Thirdly, we show that the FARMS evaluation of the ESD is stable, which demonstrates that most sensitivity is from pruning itself. In Figure 1, we plot the layer-wise sparsity ratios assigned by FARMS across 4 × 4 different window sizes and sampling steps. We observe that the differences in sparsity ratio assignments across these settings are not significant. However, the assignment from the best FARMS setting is still distinct from the worst setting, which explains the performance difference.
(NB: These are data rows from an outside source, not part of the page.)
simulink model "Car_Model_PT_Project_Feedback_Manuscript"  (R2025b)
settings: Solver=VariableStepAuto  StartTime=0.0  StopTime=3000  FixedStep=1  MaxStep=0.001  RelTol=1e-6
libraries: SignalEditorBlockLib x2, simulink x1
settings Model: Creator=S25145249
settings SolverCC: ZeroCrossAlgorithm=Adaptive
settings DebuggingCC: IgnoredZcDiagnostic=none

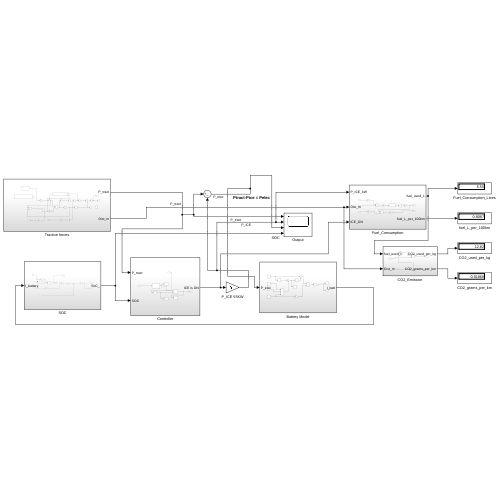
[thumbnail: Simulink's stored preview of the top-level diagram]
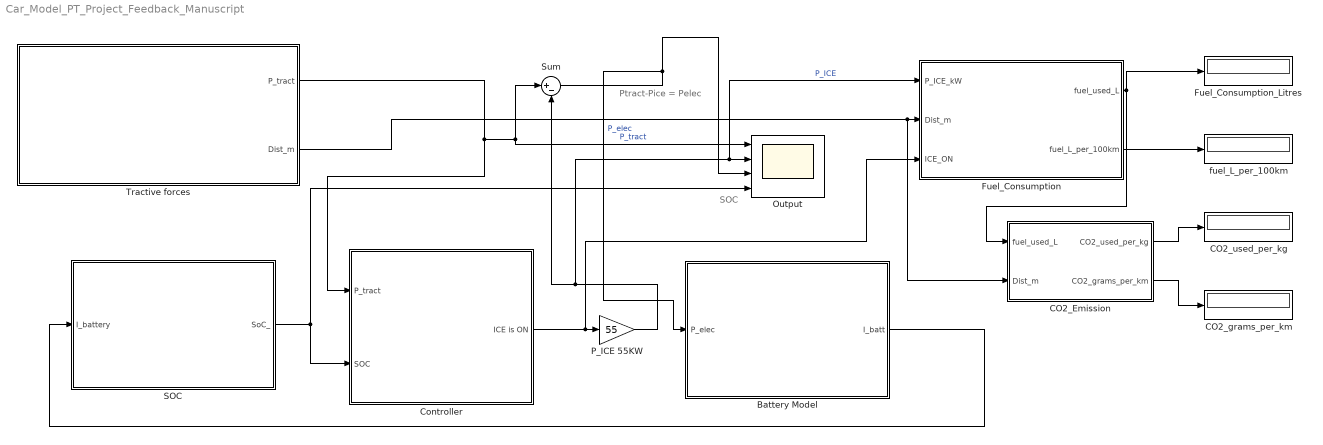
== system Car_Model_PT_Project_Feedback_Manuscript ==
  note: Ptract-Pice = Pelec
  note: SOC
  Battery Model : Subsystem
  CO2_Emission : Subsystem
  CO2_grams_per_km : Display
  CO2_used_per_kg : Display
  Controller : Subsystem
  Fuel_Consumption : Subsystem
  Fuel_Consumption_Litres : Display
  Output : Scope  NumInputPorts=4
      settings: ActiveDisplayYMinimum=-64.062897072548139  ActiveDisplayYMaximum=103.40655990798206  DataLoggingVariableName=ScopeData4
  P_ICE 55KW : Gain  Gain=55
  SOC : Subsystem
  Sum : Sum  Inputs=|+-
  Tractive forces : Subsystem
  fuel_L_per_100km : Display
  wires:
  SOC/1(SoC_) -> Output/4, Controller/2(SOC)
  Tractive forces/1(P_tract) -> Controller/1(P_tract), Sum/1, Output/1  "P_tract"
  P_ICE 55KW/1 -> Sum/2, Output/2, Fuel_Consumption/1(P_ICE_kW)  "P_ICE"
  Battery Model/1(I_batt) -> SOC/1(I_battery)
  Controller/1(ICE is ON) -> Fuel_Consumption/3(ICE_ON), P_ICE 55KW/1
  Tractive forces/2(Dist_m) -> CO2_Emission/2(Dist_m), Fuel_Consumption/2(Dist_m)
  Fuel_Consumption/1(fuel_used_L) -> Fuel_Consumption_Litres/1, CO2_Emission/1(fuel_used_L)
  Sum/1 -> Output/3, Battery Model/1(P_elec)  "P_elec"
  CO2_Emission/1(CO2_used_per_kg) -> CO2_used_per_kg/1
  Fuel_Consumption/2(fuel_L_per_100km) -> fuel_L_per_100km/1
  CO2_Emission/2(CO2_grams_per_km) -> CO2_grams_per_km/1

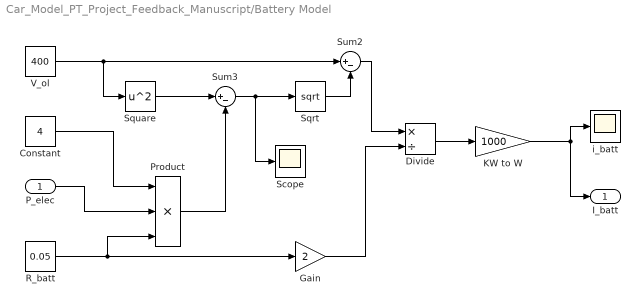
== system Car_Model_PT_Project_Feedback_Manuscript/Battery Model ==
  P_elec : Inport
  Constant : Constant  Value=4
  Divide : Product  Inputs=*/
  Gain : Gain  Gain=2
  KW to W : Gain  Gain=1000
  Product : Product  Inputs=3
  R_batt : Constant  Value=0.05
  Scope : Scope
      settings: ActiveDisplayYMinimum=159994.60479  ActiveDisplayYMaximum=160018.37725  DataLoggingVariableName=ScopeData5
  Sqrt : Sqrt
  Square : Math  Operator=square
  Sum2 : Sum  Inputs=|+-
  Sum3 : Sum  Inputs=|+-
  V_ol : Constant  Value=400
  i_batt : Scope
      settings: ActiveDisplayYMinimum=-114.85498  ActiveDisplayYMaximum=33.71985  DataLoggingVariableName=ScopeData3
  I_batt : Outport
  wires:
  Divide/1 -> KW to W/1
  Constant/1 -> Product/1
  R_batt/1 -> Gain/1, Product/3
  Sqrt/1 -> Sum2/2
  Square/1 -> Sum3/1
  Sum2/1 -> Divide/1
  Gain/1 -> Divide/2
  V_ol/1 -> Square/1, Sum2/1
  Sum3/1 -> Sqrt/1, Scope/1
  Product/1 -> Sum3/2
  P_elec/1 -> Product/2
  KW to W/1 -> I_batt/1, i_batt/1

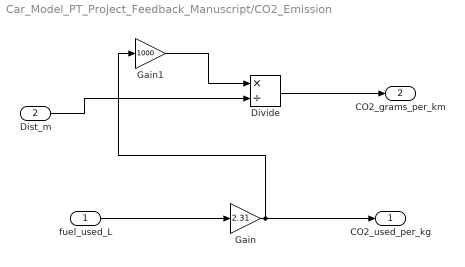
== system Car_Model_PT_Project_Feedback_Manuscript/CO2_Emission ==
  fuel_used_L : Inport
  Dist_m : Inport  Port=2
  Divide : Product  Inputs=*/
  Gain : Gain  Gain=2.31
  Gain1 : Gain  Gain=1000
  CO2_used_per_kg : Outport
  CO2_grams_per_km : Outport  Port=2  VectorParamsAs1DForOutWhenUnconnected=off
  wires:
  fuel_used_L/1 -> Gain/1
  Gain/1 -> Gain1/1, CO2_used_per_kg/1
  Gain1/1 -> Divide/1
  Dist_m/1 -> Divide/2
  Divide/1 -> CO2_grams_per_km/1

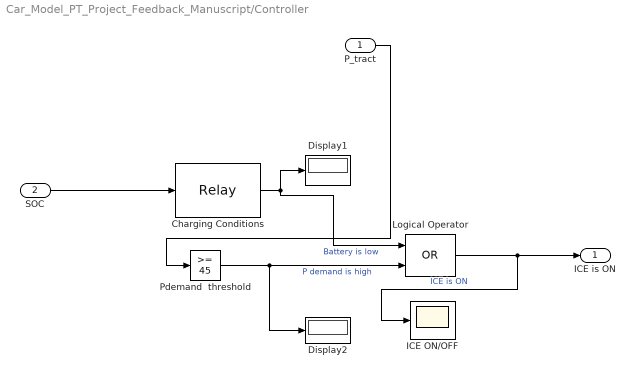
== system Car_Model_PT_Project_Feedback_Manuscript/Controller ==
  P_tract : Inport
  SOC : Inport  Port=2
  Charging Conditions : Relay  OnSwitchValue=75  OffSwitchValue=30  OnOutputValue=0  OffOutputValue=1
  Display1 : Display
  Display2 : Display
  ICE ON/OFF : Scope
      settings: ActiveDisplayYMinimum=-0.125  ActiveDisplayYMaximum=1.125
  Logical Operator : Logic  Operator=OR  AllPortsSameDT=off  OutDataTypeStr=boolean
  Pdemand  threshold : simulink/Logic and Bit Operations/Compare To Constant  relop=>=  const=45  OutDataTypeStr=boolean
  ICE is ON : Outport
  wires:
  SOC/1 -> Charging Conditions/1
  P_tract/1 -> Pdemand  threshold/1
  Charging Conditions/1 -> Logical Operator/1, Display1/1  "Battery is low"
  Pdemand  threshold/1 -> Display2/1, Logical Operator/2  "P demand is high"
  Logical Operator/1 -> ICE is ON/1, ICE ON/OFF/1  "ICE is ON"

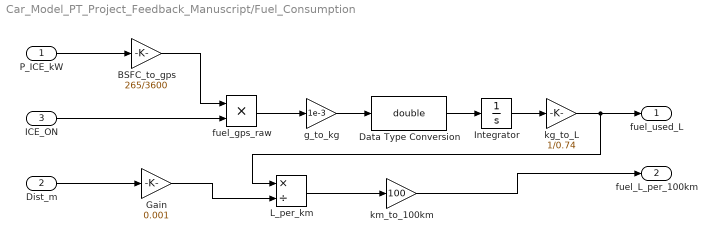
== system Car_Model_PT_Project_Feedback_Manuscript/Fuel_Consumption ==
  P_ICE_kW : Inport
  Dist_m : Inport  Port=2
  ICE_ON : Inport  Port=3
  BSFC_to_gps : Gain  Gain=265/3600
  Data Type Conversion : DataTypeConversion  OutDataTypeStr=double  SaturateOnIntegerOverflow=off  RndMeth=Floor
  Gain : Gain  Gain=0.001
  Integrator : Integrator
  L_per_km : Product  Inputs=*/
  fuel_gps_raw : Product
  g_to_kg : Gain  Gain=1e-3
  kg_to_L : Gain  Gain=1/0.74
  km_to_100km : Gain  Gain=100
  fuel_used_L : Outport
  fuel_L_per_100km : Outport  Port=2
  wires:
  P_ICE_kW/1 -> BSFC_to_gps/1
  BSFC_to_gps/1 -> fuel_gps_raw/1
  ICE_ON/1 -> fuel_gps_raw/2
  fuel_gps_raw/1 -> g_to_kg/1
  g_to_kg/1 -> Data Type Conversion/1
  Integrator/1 -> kg_to_L/1
  kg_to_L/1 -> L_per_km/1, fuel_used_L/1
  Dist_m/1 -> Gain/1
  Gain/1 -> L_per_km/2
  L_per_km/1 -> km_to_100km/1
  km_to_100km/1 -> fuel_L_per_100km/1
  Data Type Conversion/1 -> Integrator/1

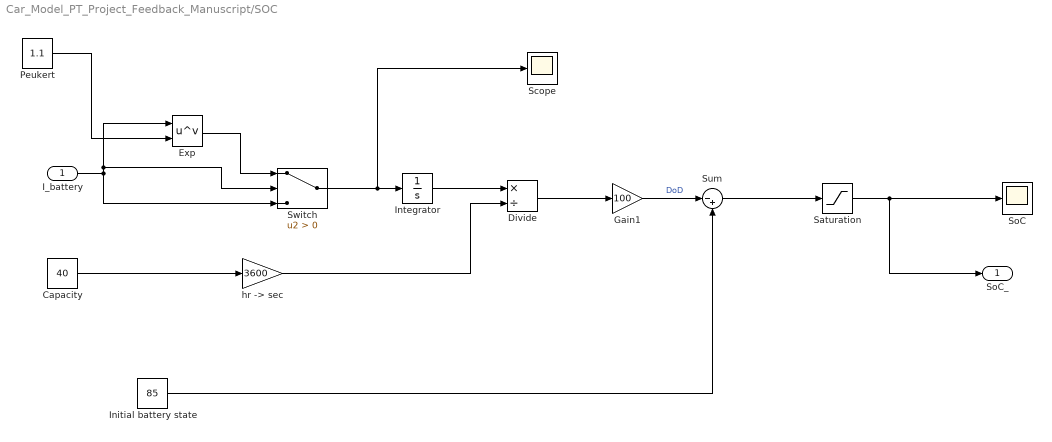
== system Car_Model_PT_Project_Feedback_Manuscript/SOC ==
  I_battery : Inport
  Capacity : Constant  Value=40
  Divide : Product  Inputs=*/
  Exp : Math  Operator=pow
  Gain1 : Gain  Gain=100
  Initial battery state : Constant  Value=85
  Integrator : Integrator
  Peukert : Constant  Value=1.1
  Saturation : Saturate  UpperLimit=100  LowerLimit=0
  Scope : Scope
      settings: ActiveDisplayYMinimum=-115.65994  ActiveDisplayYMaximum=40.9645  DataLoggingVariableName=ScopeData4
  SoC : Scope
      settings: ActiveDisplayYMinimum=1.25  ActiveDisplayYMaximum=88.75
  Sum : Sum  Inputs=|-+
  Switch : Switch  Criteria=u2 > Threshold  SaturateOnIntegerOverflow=off  InputSameDT=off
  "hr -> sec" : Gain  Gain=3600
  SoC_ : Outport
  wires:
  I_battery/1 -> Exp/1, Switch/2, Switch/3
  "hr -> sec"/1 -> Divide/2
  Divide/1 -> Gain1/1
  Capacity/1 -> "hr -> sec"/1
  Gain1/1 -> Sum/1  "DoD"
  Peukert/1 -> Exp/2
  Switch/1 -> Scope/1, Integrator/1
  Exp/1 -> Switch/1
  Integrator/1 -> Divide/1
  Saturation/1 -> SoC_/1, SoC/1
  Initial battery state/1 -> Sum/2
  Sum/1 -> Saturation/1

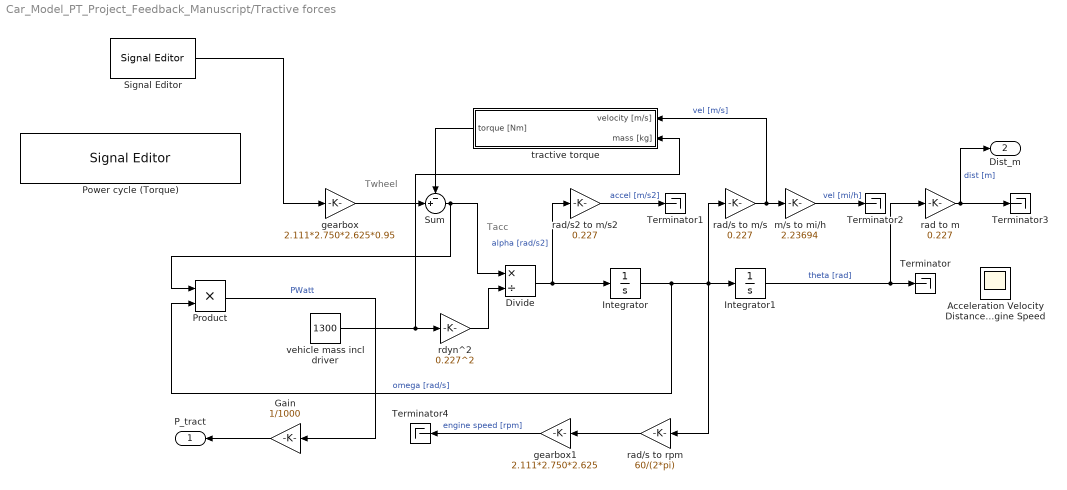
== system Car_Model_PT_Project_Feedback_Manuscript/Tractive forces ==
  note: Tacc
  note: Twheel
  Acceleration Velocity Distance Engine Speed : Scope
      settings: IsFloating=on  Floating=on  ActiveDisplayYMinimum=5.6184823541906912  ActiveDisplayYMaximum=6.2437947592259979
  Divide : Product  Inputs=*/
  Gain : Gain  Gain=1/1000
  Integrator : Integrator
  Integrator1 : Integrator
  Power cycle (Torque) : SignalEditorBlockLib/Signal Editor  FileName=Power_cycle120.mat  ActiveScenario=Scenario  ActiveSignal=Signal 1  IsBus=off  OutputBusObjectStr=Bus: BusObject  SampleTime=0  ZeroCross=off  OutputAfterFinalValue=Setting to zero  Unit=inherit  PreserveSignalName=on  ApplySigPropsToAllScenarios=on  ApplySigPropsToAllSignals=off  SignalPropertySource=Dialog parameters
  Product : Product
  Signal Editor : SignalEditorBlockLib/Signal Editor  FileName=feedback.mat  ActiveScenario=Scenario  ActiveSignal=Signal 1  IsBus=off  OutputBusObjectStr=Bus: BusObject  SampleTime=0  ZeroCross=off  OutputAfterFinalValue=Setting to zero  Unit=inherit  PreserveSignalName=on  ApplySigPropsToAllScenarios=on  ApplySigPropsToAllSignals=off  SignalPropertySource=Dialog parameters
  Sum : Sum  Inputs=-+|
  Terminator{,1..4} (5 alike) : Terminator
  gearbox : Gain  Gain=2.111*2.750*2.625*0.95
  gearbox1 : Gain  Gain=2.111*2.750*2.625
  m/s to mi/h : Gain  Gain=2.23694
  rad to m : Gain  Gain=0.227
  rad/s to m/s : Gain  Gain=0.227
  rad/s to rpm : Gain  Gain=60/(2*pi)
  rad/s2 to m/s2 : Gain  Gain=0.227
  rdyn^2 : Gain  Gain=0.227^2
  tractive torque : Subsystem
  vehicle mass incl driver : Constant  Value=1300
  P_tract : Outport
  Dist_m : Outport  Port=2  VectorParamsAs1DForOutWhenUnconnected=off
  wires:
  rad to m/1 -> Dist_m/1, Terminator3/1  "dist [m]"
  rad/s to rpm/1 -> gearbox1/1
  gearbox/1 -> Sum/2
  Integrator1/1 -> Terminator/1, rad to m/1  "theta [rad]"
  Sum/1 -> Product/1, Divide/1
  Integrator/1 -> Product/2, rad/s to rpm/1, rad/s to m/s/1, Integrator1/1  "omega [rad/s]"
  rad/s to m/s/1 -> m/s to mi/h/1, tractive torque/1(velocity [m/s])  "vel [m/s]"
  rad/s2 to m/s2/1 -> Terminator1/1  "accel [m/s2]"
  m/s to mi/h/1 -> Terminator2/1  "vel [mi/h]"
  tractive torque/1(torque [Nm]) -> Sum/1
  gearbox1/1 -> Terminator4/1  "engine speed [rpm]"
  rdyn^2/1 -> Divide/2
  vehicle mass incl driver/1 -> rdyn^2/1, tractive torque/2(mass [kg])
  Divide/1 -> Integrator/1, rad/s2 to m/s2/1  "alpha [rad/s2]"
  Product/1 -> Gain/1  "PWatt"
  Gain/1 -> P_tract/1
  Signal Editor/1 -> gearbox/1

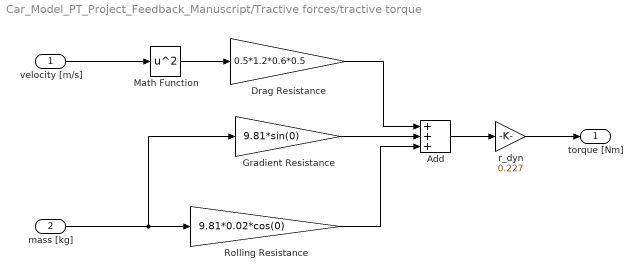
== system Car_Model_PT_Project_Feedback_Manuscript/Tractive forces/tractive torque ==
  velocity [m/s] : Inport
  mass [kg] : Inport  Port=2
  Add : Sum  Inputs=+++
  Drag Resistance : Gain  Gain=0.5*1.2*0.6*0.5
  Gradient Resistance : Gain  Gain=9.81*sin(0)
  Math Function : Math  Operator=square  SignedPower=on
  Rolling Resistance : Gain  Gain=9.81*0.02*cos(0)
  r_dyn : Gain  Gain=0.227
  torque [Nm] : Outport  VectorParamsAs1DForOutWhenUnconnected=off
  wires:
  r_dyn/1 -> torque [Nm]/1
  velocity [m/s]/1 -> Math Function/1
  Math Function/1 -> Drag Resistance/1
  Add/1 -> r_dyn/1
  Drag Resistance/1 -> Add/1
  Gradient Resistance/1 -> Add/2
  Rolling Resistance/1 -> Add/3
  mass [kg]/1 -> Rolling Resistance/1, Gradient Resistance/1

[4] Yin, Lu, You Wu, Zhenyu Zhang, Cheng-Yu Hsieh, Yaqing Wang, Yiling Jia, Gen Li et al. "Outlier weighed layerwise sparsity (owl): A missing secret sauce for pruning llms to high sparsity." arXiv preprint arXiv:2310.05175 (2023).
Question 2
We are unsure what "parametric adjustment" means and kindly request the reviewer to clarify. If it refers to the "change of variable" method in the Marchenko–Pastur pdf function, this is challenging because the ESD transitions smoothly from Marchenko–Pastur to heavy-tailed in a way that is difficult to quantify precisely. If "parametric adjustment" instead refers to other hyperparameter assignment approaches, those are orthogonal to FARMS and can be combined with it.
Additional experiments
Experiments to answer all reviewers' questions can be found here.
I appreciate the author's response find most of my points addressed. I will increase my score to a 4.
This paper introduces a method based on weight matrix subsampling that removes the spectral bias induced by matrix rectangularity, thereby facilitating more robust and comparable measurements of matrices' spectral heavy-tailedness, a property previously shown to correlate with model performance in some circumstances.
The reviewers found the paper to be well-written and the experiments thorough, with the proposed method delivering consistent downstream performance gains relative to the baselines considered; on the other hand, there were some concerns about the theoretical justification. Given the empirical nature of the paper, and the slightly loose motivations regarding the heavy-tailed metrics in the first place, it seems entirely reasonable to focus on the experimental results rather than a precise formulation of the theory behind the subsampling approach. As such, I think the ICML community will find this paper valuable and I recommend acceptance.